20150202_150518_Richtone(HDR)

I offer you my memories

So that you will know

Your Grandmother was a little girl

Not so long ago

This is the first part of a transcription of the memories set down by Freda ‘Tottie’ Phyllis May McGrath (neé Turner) in a sheaf of papers called “Grandmother Remembers”. An Ontarian Canadian all her life, her recollections, memories, anecdotes, and musings are for all her descendants, of which The Diplomat is one. Born in 1906, this written legacy, which she commenced in May 1986, stretches from the mid-nineteenth century as far as December 30, 1995. It is a lifetime that covers a busy period in Mankind’s development: two World Wars, the advent of flying, T.V, computers, the Internet…and much, much more. Yet, this is a narrative that is fascinating in its remembrance of daily life, in how it speaks casually of events that were the norm for the social ethics, the mores and the education of the time. Part Two of this can be seen here and Part Three here.

I have reproduced this exactly as the author penned it with the kind permission of her sons, Michael and David. I hope you will find Tottie’s voice as fascinating as I have. For clarity I have, on occasion, entered a [textual note] where the narrative assumes a common Canadian knowledge that readers may not possess.

My grandmother, Emily Bennet Tisdale, was just fourteen when she married my grandfather John. Their first child, a boy, died at birth, followed by twins who also died. My grandfather’s sister, Rose Tisdale, gave birth to a little girl christened Rosetta and before she died six weeks later she gave Rosetta to my grandparents and they raised her as their own. She married Charles Hibert and my cousin Neil was born. Our families were always close. My grandparents own children were my mother Sylvia, Irene, Roy, Albert, Ross and May. My grandparents lived in Barriefield and I still remember their big Christmas tree and the whole family gathering there for the day and my Uncle Ross bringing us home in a cutter with “Old Fleet” [horse] bringing us merrily along with the sleigh bells ringing. When Grandpa retired from S Anglin & Co. they moved to a nice brick house at Rideau & Cataraqui in Kingston [Ontario, Canada. Kingston was Canada’s capital from 1841-44].

My grandfather Frank Turner died in 1886 leaving my grandmother May with six children and pregnant with twins who were born a few days after her husband’s death but they died a week later. I think the family were living in Bexley Heath, Kent [England] and the six children were Frank, Esther, Louise, Rose, Sydney and Ada who later settled in the U.S.A.. Ada went to South Africa. My father and his brother, Frank, lived in Dr Barnado’s Home for Children in London [England] and were sent to Canada by boat. My father was given to a McFadden family on #2 Highway. He worked around the farm and attended school at a red brick school on the site of the Woodside school where Erin and Jodie began their education. The McFadden were unkind and as a result of starvation my father was blind in his left eye. A Mr Toner visited the McFaddens and took my father home to his farm on #15 Highway where he lived until he married my mother on June 12 1906 at which time he had saved enough money to buy 6 St Catherine Street [Kingston, Ontario, Canada] and they lived there until their deaths. I haven’t mentioned my father’s sister who came to Kingston [Ontario, Canada] to live and work – her name was Rose and she lived in Portsmouth [Portsmouth Village was annexed to become a neighbourhood of Kingston in 1952]. Mr Toner was our Grandpa Toner and his wife Grandma until their deaths. My Grandmother Turner died shortly after her husband and the children were separated.

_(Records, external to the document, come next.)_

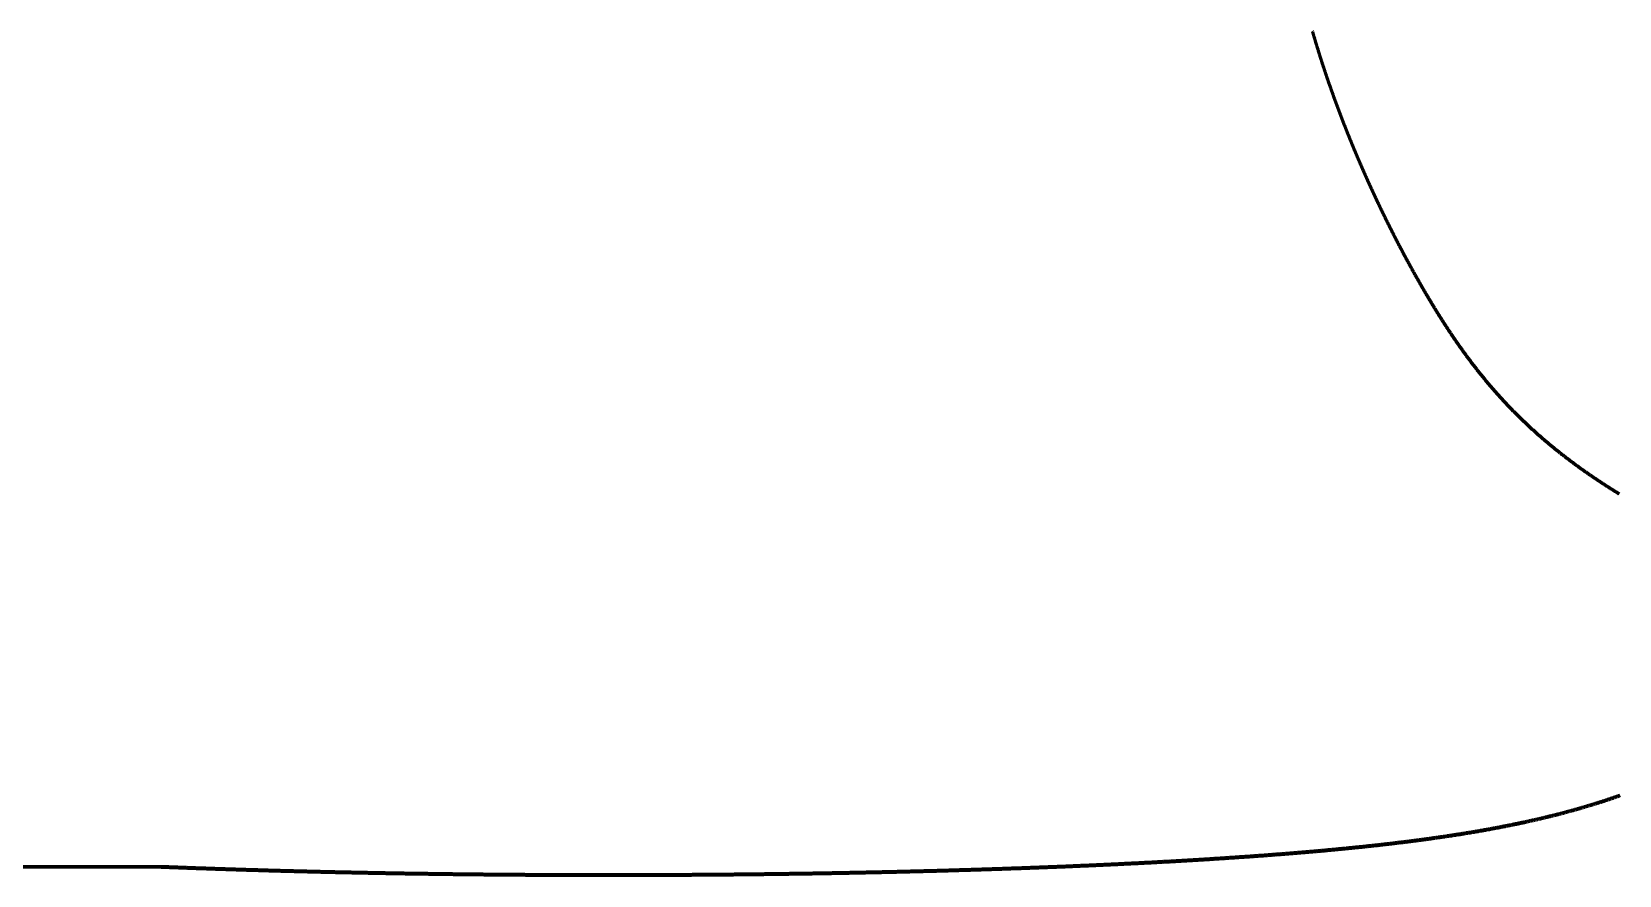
# Model space of a CAD drawing. Header units: millimetres. Extents: x 88 to 97873, y 32 to 55088.
# Drawn here: x 46088 to 46877, y 3822 to 4241 of the extents above; entities that cross this region are included whole.
import ezdxf

# ---------------------------------------------------------------- set-up
doc = ezdxf.new("R2010")
doc.units = ezdxf.units.MM
doc.header["$LTSCALE"] = 0.3

msp = doc.modelspace()

# ---------------------------------------------------------------- linework, layer by layer
at = {"lineweight": 60}
msp.add_lwpolyline([(46877.51, 4011.27), (46877.27, 4011.41), (46877.03, 4011.56), (46876.79, 4011.71), (46876.55, 4011.85), (46876.31, 4012), (46876.08, 4012.15), (46875.84, 4012.29), (46875.6, 4012.44), (46875.37, 4012.59), (46875.13, 4012.73), (46874.9, 4012.88), (46874.66, 4013.03), (46874.43, 4013.18), (46874.19, 4013.32), (46873.96, 4013.47), (46873.72, 4013.62), (46873.49, 4013.76), (46873.26, 4013.91), (46873.02, 4014.06), (46872.79, 4014.21), (46872.56, 4014.35), (46872.33, 4014.5), (46872.1, 4014.65), (46871.87, 4014.8), (46871.64, 4014.94), (46871.41, 4015.09), (46871.18, 4015.24), (46870.95, 4015.39), (46870.72, 4015.53), (46870.49, 4015.68), (46870.26, 4015.83), (46870.03, 4015.98), (46869.8, 4016.13), (46869.58, 4016.27), (46869.35, 4016.42), (46869.12, 4016.57), (46868.9, 4016.72), (46868.67, 4016.87), (46868.45, 4017.01), (46868.22, 4017.16), (46868, 4017.31), (46867.77, 4017.46), (46867.55, 4017.61), (46867.32, 4017.76), (46867.1, 4017.9), (46866.88, 4018.05), (46866.65, 4018.2), (46866.43, 4018.35), (46866.21, 4018.5), (46865.99, 4018.65), (46865.77, 4018.8), (46865.55, 4018.94), (46865.33, 4019.09), (46865.11, 4019.24), (46864.89, 4019.39), (46864.67, 4019.54), (46864.45, 4019.69), (46864.23, 4019.84), (46864.01, 4019.99), (46863.79, 4020.14), (46863.57, 4020.29), (46863.36, 4020.44), (46863.14, 4020.58), (46862.92, 4020.73), (46862.7, 4020.88), (46862.49, 4021.03), (46862.27, 4021.18), (46862.06, 4021.33), (46861.84, 4021.48), (46861.63, 4021.63), (46861.41, 4021.78), (46861.2, 4021.93), (46860.98, 4022.08), (46860.77, 4022.23), (46860.56, 4022.38), (46860.34, 4022.53), (46860.13, 4022.68), (46859.92, 4022.83), (46859.71, 4022.98), (46859.5, 4023.13), (46859.28, 4023.28), (46859.07, 4023.43), (46858.86, 4023.58), (46858.65, 4023.73), (46858.44, 4023.88), (46858.23, 4024.03), (46858.02, 4024.18), (46857.81, 4024.33), (46857.61, 4024.48), (46857.4, 4024.64), (46857.19, 4024.79), (46856.98, 4024.94), (46856.77, 4025.09), (46856.57, 4025.24), (46856.36, 4025.39), (46856.15, 4025.54), (46855.95, 4025.69), (46855.74, 4025.84), (46855.54, 4025.99), (46855.33, 4026.15), (46855.13, 4026.3), (46854.92, 4026.45), (46854.72, 4026.6), (46854.51, 4026.75), (46854.31, 4026.9), (46854.11, 4027.05), (46853.9, 4027.21), (46853.7, 4027.36), (46853.5, 4027.51), (46853.3, 4027.66), (46853.1, 4027.81), (46852.89, 4027.97), (46852.69, 4028.12), (46852.49, 4028.27), (46852.29, 4028.42), (46852.09, 4028.57), (46851.89, 4028.73), (46851.69, 4028.88), (46851.49, 4029.03), (46851.29, 4029.18), (46851.1, 4029.33), (46850.9, 4029.49), (46850.7, 4029.64), (46850.5, 4029.79), (46850.3, 4029.95), (46850.11, 4030.1), (46849.91, 4030.25), (46849.71, 4030.4), (46849.52, 4030.56), (46849.32, 4030.71), (46849.13, 4030.86), (46848.93, 4031.02), (46848.74, 4031.17), (46848.54, 4031.32), (46848.35, 4031.47), (46848.15, 4031.63), (46847.96, 4031.78), (46847.77, 4031.93), (46847.57, 4032.09), (46847.38, 4032.24), (46847.19, 4032.4), (46846.99, 4032.55), (46846.8, 4032.7), (46846.61, 4032.86), (46846.42, 4033.01), (46846.23, 4033.16), (46846.04, 4033.32), (46845.85, 4033.47), (46845.66, 4033.63), (46845.47, 4033.78), (46845.28, 4033.93), (46845.09, 4034.09), (46844.9, 4034.24), (46844.71, 4034.4), (46844.52, 4034.55), (46844.33, 4034.71), (46844.15, 4034.86), (46843.96, 4035.02), (46843.77, 4035.17), (46843.58, 4035.32), (46843.4, 4035.48), (46843.21, 4035.63), (46843.02, 4035.79), (46842.84, 4035.94), (46842.65, 4036.1), (46842.47, 4036.25), (46842.28, 4036.41), (46842.1, 4036.57), (46841.91, 4036.72), (46841.73, 4036.88), (46841.54, 4037.03), (46841.36, 4037.19), (46841.18, 4037.34), (46840.99, 4037.5), (46840.81, 4037.65), (46840.63, 4037.81), (46840.45, 4037.96), (46840.26, 4038.12), (46840.08, 4038.28), (46839.9, 4038.43), (46839.72, 4038.59), (46839.54, 4038.74), (46839.36, 4038.9), (46839.18, 4039.06), (46839, 4039.21), (46838.82, 4039.37), (46838.64, 4039.53), (46838.46, 4039.68), (46838.28, 4039.84), (46838.1, 4040), (46837.92, 4040.15), (46837.74, 4040.31), (46837.57, 4040.47), (46837.39, 4040.62), (46837.21, 4040.78), (46837.03, 4040.94), (46836.86, 4041.09), (46836.68, 4041.25), (46836.5, 4041.41), (46836.33, 4041.57), (46836.15, 4041.72), (46835.98, 4041.88), (46835.8, 4042.04), (46835.63, 4042.2), (46835.45, 4042.35), (46835.28, 4042.51), (46835.1, 4042.67), (46834.93, 4042.83), (46834.76, 4042.99), (46834.58, 4043.14), (46834.41, 4043.3), (46834.24, 4043.46), (46834.06, 4043.62), (46833.89, 4043.78), (46833.72, 4043.93), (46833.55, 4044.09), (46833.37, 4044.25), (46833.2, 4044.41), (46833.03, 4044.57), (46832.86, 4044.73), (46832.69, 4044.89), (46832.52, 4045.04), (46832.35, 4045.2), (46832.18, 4045.36), (46832.01, 4045.52), (46831.84, 4045.68), (46831.67, 4045.84), (46831.5, 4046), (46831.33, 4046.16), (46831.17, 4046.32), (46831, 4046.48), (46830.83, 4046.64), (46830.66, 4046.8), (46830.49, 4046.96), (46830.33, 4047.12), (46830.16, 4047.28), (46829.99, 4047.43), (46829.83, 4047.59), (46829.66, 4047.75), (46829.49, 4047.92), (46829.33, 4048.08), (46829.16, 4048.24), (46829, 4048.4), (46828.83, 4048.56), (46828.67, 4048.72), (46828.5, 4048.88), (46828.34, 4049.04), (46828.17, 4049.2), (46828.01, 4049.36), (46827.85, 4049.52), (46827.68, 4049.68), (46827.52, 4049.84), (46827.36, 4050), (46827.2, 4050.16), (46827.03, 4050.32), (46826.87, 4050.49), (46826.71, 4050.65), (46826.55, 4050.81), (46826.39, 4050.97), (46826.22, 4051.13), (46826.06, 4051.29), (46825.9, 4051.46), (46825.74, 4051.62), (46825.58, 4051.78), (46825.42, 4051.94), (46825.26, 4052.1), (46825.1, 4052.26), (46824.94, 4052.43), (46824.78, 4052.59), (46824.62, 4052.75), (46824.47, 4052.91), (46824.31, 4053.08), (46824.15, 4053.24), (46823.99, 4053.4), (46823.83, 4053.56), (46823.68, 4053.73), (46823.52, 4053.89), (46823.36, 4054.05), (46823.2, 4054.22), (46823.05, 4054.38), (46822.89, 4054.54), (46822.73, 4054.7), (46822.58, 4054.87), (46822.42, 4055.03), (46822.27, 4055.2), (46822.11, 4055.36), (46821.96, 4055.52), (46821.8, 4055.69), (46821.65, 4055.85), (46821.49, 4056.01), (46821.34, 4056.18), (46821.18, 4056.34), (46821.03, 4056.51), (46820.88, 4056.67), (46820.72, 4056.83), (46820.57, 4057), (46820.42, 4057.16), (46820.26, 4057.33), (46820.11, 4057.49), (46819.96, 4057.66), (46819.81, 4057.82), (46819.65, 4057.99), (46819.5, 4058.15), (46819.35, 4058.32), (46819.2, 4058.48), (46819.05, 4058.65), (46818.9, 4058.81), (46818.75, 4058.98), (46818.59, 4059.14), (46818.44, 4059.31), (46818.29, 4059.47), (46818.14, 4059.64), (46817.99, 4059.8), (46817.84, 4059.97), (46817.7, 4060.14), (46817.55, 4060.3), (46817.4, 4060.47), (46817.25, 4060.63), (46817.1, 4060.8), (46816.95, 4060.97), (46816.8, 4061.13), (46816.66, 4061.3), (46816.51, 4061.46), (46816.36, 4061.63), (46816.21, 4061.8), (46816.07, 4061.96), (46815.92, 4062.13), (46815.77, 4062.3), (46815.62, 4062.47), (46815.48, 4062.63), (46815.33, 4062.8), (46815.19, 4062.97), (46815.04, 4063.13), (46814.89, 4063.3), (46814.75, 4063.47), (46814.6, 4063.64), (46814.46, 4063.8), (46814.31, 4063.97), (46814.17, 4064.14), (46814.03, 4064.31), (46813.88, 4064.48), (46813.74, 4064.64), (46813.59, 4064.81), (46813.45, 4064.98), (46813.31, 4065.15), (46813.16, 4065.32), (46813.02, 4065.49), (46812.88, 4065.65), (46812.73, 4065.82), (46812.59, 4065.99), (46812.45, 4066.16), (46812.31, 4066.33), (46812.16, 4066.5), (46812.02, 4066.67), (46811.88, 4066.84), (46811.74, 4067.01), (46811.6, 4067.17), (46811.46, 4067.34), (46811.31, 4067.51), (46811.17, 4067.68), (46811.03, 4067.85), (46810.89, 4068.02), (46810.75, 4068.19), (46810.61, 4068.36), (46810.47, 4068.53), (46810.33, 4068.7), (46810.19, 4068.87), (46810.05, 4069.04), (46809.91, 4069.21), (46809.77, 4069.38), (46809.64, 4069.55), (46809.5, 4069.73), (46809.36, 4069.9), (46809.22, 4070.07), (46809.08, 4070.24), (46808.94, 4070.41), (46808.81, 4070.58), (46808.67, 4070.75), (46808.53, 4070.92), (46808.39, 4071.09), (46808.26, 4071.27), (46808.12, 4071.44), (46807.98, 4071.61), (46807.85, 4071.78), (46807.71, 4071.95), (46807.57, 4072.12), (46807.44, 4072.3), (46807.3, 4072.47), (46807.16, 4072.64), (46807.03, 4072.81), (46806.89, 4072.98), (46806.76, 4073.16), (46806.62, 4073.33), (46806.49, 4073.5), (46806.35, 4073.68), (46806.22, 4073.85), (46806.08, 4074.02), (46805.95, 4074.19), (46805.81, 4074.37), (46805.68, 4074.54), (46805.54, 4074.71), (46805.41, 4074.89), (46805.28, 4075.06), (46805.14, 4075.23), (46805.01, 4075.41), (46804.88, 4075.58), (46804.74, 4075.76), (46804.61, 4075.93), (46804.48, 4076.1), (46804.35, 4076.28), (46804.21, 4076.45), (46804.08, 4076.63), (46803.95, 4076.8), (46803.82, 4076.97), (46803.68, 4077.15), (46803.55, 4077.32), (46803.42, 4077.5), (46803.29, 4077.67), (46803.16, 4077.85), (46803.03, 4078.02), (46802.9, 4078.2), (46802.76, 4078.37), (46802.63, 4078.55), (46802.5, 4078.72), (46802.37, 4078.9), (46802.24, 4079.08), (46802.11, 4079.25), (46801.98, 4079.43), (46801.85, 4079.6), (46801.72, 4079.78), (46801.59, 4079.96), (46801.46, 4080.13), (46801.33, 4080.31), (46801.21, 4080.48), (46801.08, 4080.66), (46800.95, 4080.84), (46800.82, 4081.01), (46800.69, 4081.19), (46800.56, 4081.37), (46800.43, 4081.54), (46800.3, 4081.72), (46800.18, 4081.9), (46800.05, 4082.08), (46799.92, 4082.25), (46799.79, 4082.43), (46799.67, 4082.61), (46799.54, 4082.79), (46799.41, 4082.96), (46799.28, 4083.14), (46799.16, 4083.32), (46799.03, 4083.5), (46798.9, 4083.68), (46798.78, 4083.85), (46798.65, 4084.03), (46798.52, 4084.21), (46798.4, 4084.39), (46798.27, 4084.57), (46798.14, 4084.75), (46798.02, 4084.93), (46797.89, 4085.1), (46797.77, 4085.28), (46797.64, 4085.46), (46797.52, 4085.64), (46797.39, 4085.82), (46797.26, 4086), (46797.14, 4086.18), (46797.01, 4086.36), (46796.89, 4086.54), (46796.76, 4086.72), (46796.64, 4086.9), (46796.52, 4087.08), (46796.39, 4087.26), (46796.27, 4087.44), (46796.14, 4087.62), (46796.02, 4087.8), (46795.89, 4087.98), (46795.77, 4088.16), (46795.65, 4088.34), (46795.52, 4088.52), (46795.4, 4088.7), (46795.28, 4088.89), (46795.15, 4089.07), (46795.03, 4089.25), (46794.91, 4089.43), (46794.78, 4089.61), (46794.66, 4089.79), (46794.54, 4089.97), (46794.42, 4090.16), (46794.29, 4090.34), (46794.17, 4090.52), (46794.05, 4090.7), (46793.93, 4090.88), (46793.81, 4091.07), (46793.68, 4091.25), (46793.56, 4091.43), (46793.44, 4091.61), (46793.32, 4091.8), (46793.2, 4091.98), (46793.07, 4092.16), (46792.95, 4092.34), (46792.83, 4092.53), (46792.71, 4092.71), (46792.59, 4092.89), (46792.47, 4093.08), (46792.35, 4093.26), (46792.23, 4093.45), (46792.11, 4093.63), (46791.99, 4093.81), (46791.87, 4094), (46791.75, 4094.18), (46791.63, 4094.36), (46791.51, 4094.55), (46791.39, 4094.73), (46791.27, 4094.92), (46791.15, 4095.1), (46791.03, 4095.29), (46790.91, 4095.47), (46790.79, 4095.66), (46790.67, 4095.84), (46790.55, 4096.03), (46790.43, 4096.21), (46790.31, 4096.4), (46790.19, 4096.58), (46790.07, 4096.77), (46789.95, 4096.95), (46789.83, 4097.14), (46789.71, 4097.33), (46789.6, 4097.51), (46789.48, 4097.7), (46789.36, 4097.88), (46789.24, 4098.07), (46789.12, 4098.26), (46789, 4098.44), (46788.88, 4098.63), (46788.77, 4098.82), (46788.65, 4099), (46788.53, 4099.19), (46788.41, 4099.38), (46788.3, 4099.57), (46788.18, 4099.75), (46788.06, 4099.94), (46787.94, 4100.13), (46787.82, 4100.32), (46787.71, 4100.5), (46787.59, 4100.69), (46787.47, 4100.88), (46787.36, 4101.07), (46787.24, 4101.25), (46787.12, 4101.44), (46787, 4101.63), (46786.89, 4101.82), (46786.77, 4102.01), (46786.65, 4102.2), (46786.54, 4102.39), (46786.42, 4102.58), (46786.3, 4102.76), (46786.19, 4102.95), (46786.07, 4103.14), (46785.96, 4103.33), (46785.84, 4103.52), (46785.72, 4103.71), (46785.61, 4103.9), (46785.49, 4104.09), (46785.38, 4104.28), (46785.26, 4104.47), (46785.14, 4104.66), (46785.03, 4104.85), (46784.91, 4105.04), (46784.8, 4105.23), (46784.68, 4105.42), (46784.57, 4105.61), (46784.45, 4105.8), (46784.33, 4106), (46784.22, 4106.19), (46784.1, 4106.38), (46783.99, 4106.57), (46783.87, 4106.76), (46783.76, 4106.95), (46783.64, 4107.14), (46783.53, 4107.34), (46783.41, 4107.53), (46783.3, 4107.72), (46783.18, 4107.91), (46783.07, 4108.1), (46782.96, 4108.3), (46782.84, 4108.49), (46782.73, 4108.68), (46782.61, 4108.87), (46782.5, 4109.07), (46782.38, 4109.26), (46782.27, 4109.45), (46782.15, 4109.65), (46782.04, 4109.84), (46781.93, 4110.03), (46781.81, 4110.23), (46781.7, 4110.42), (46781.58, 4110.61), (46781.47, 4110.81), (46781.36, 4111), (46781.24, 4111.2), (46781.13, 4111.39), (46781.01, 4111.58), (46780.9, 4111.78), (46780.79, 4111.97), (46780.67, 4112.17), (46780.56, 4112.36), (46780.45, 4112.56), (46780.33, 4112.75), (46780.22, 4112.95), (46780.11, 4113.14), (46779.99, 4113.34), (46779.88, 4113.53), (46779.77, 4113.73), (46779.65, 4113.93), (46779.54, 4114.12), (46779.43, 4114.32), (46779.31, 4114.51), (46779.2, 4114.71), (46779.09, 4114.91), (46778.97, 4115.1), (46778.86, 4115.3), (46778.75, 4115.5), (46778.64, 4115.69), (46778.52, 4115.89), (46778.41, 4116.09), (46778.3, 4116.28), (46778.18, 4116.48), (46778.07, 4116.68), (46777.96, 4116.88), (46777.85, 4117.07), (46777.73, 4117.27), (46777.62, 4117.47), (46777.51, 4117.67), (46777.4, 4117.86), (46777.28, 4118.06), (46777.17, 4118.26), (46777.06, 4118.46), (46776.95, 4118.66), (46776.84, 4118.86), (46776.72, 4119.05), (46776.61, 4119.25), (46776.5, 4119.45), (46776.39, 4119.65), (46776.28, 4119.85), (46776.16, 4120.05), (46776.05, 4120.25), (46775.94, 4120.45), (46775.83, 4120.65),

When I was very young our Christmas tree had candles in little holders which my father would light and I would be very frightened. I will never forget the night my father come home with electric lights for the tree. He bought them at Turks, a second-hand store, and I knew they were for me.

My Mother and Father were married in St George’s Cathedral, Kingston [Canada] June 12, 1906 and my Mother could not cook, sew or manage money never having worked. My Grandpa Tisdale didn’t believe in his daughters working. Ada, Elsie and I were born in 1907, 1908, 1909 so Mother learned quickly and was a wonderful, caring Mother, excellent cook, made our clothes and was a super money manager and I like to think I inherited some of those qualities. She died at the early age of fifty-six of strokes. We had many happy picnics with the Herberts and other friends travelling sometimes by horse and buggy and later in our “Model A” Ford.

We made two trips to Quebec City in our old car – a two-day trip at that time. In Kingston when I was young there were ”Ministral Shows” and the men darkened their faces with black shoe polish and sat on the stage with the “interlocutor” who introduced the performance and told jokes. My Father sang in these with many of his friends. My mother and I attended one of these concerts at Queen Street church.

…more to come in the next blog installment….before that here are some Q&A that ‘Tottie’ penned:

Q: When were your parents born?

A: My father, Sidney Herbert Turner, on June 24, 1880; my mother, Sylvia Elizabeth Florence Tisdale on November 2, 1884

Q: Why did they choose your name?

A: I really don’t know and answered to Tottie or Tot all my life given that name by my sister Ada

Q: Who were your siblings?

A: Ada Isobel and Elsie Florence who died at 16 as the result of Scarlet Fever.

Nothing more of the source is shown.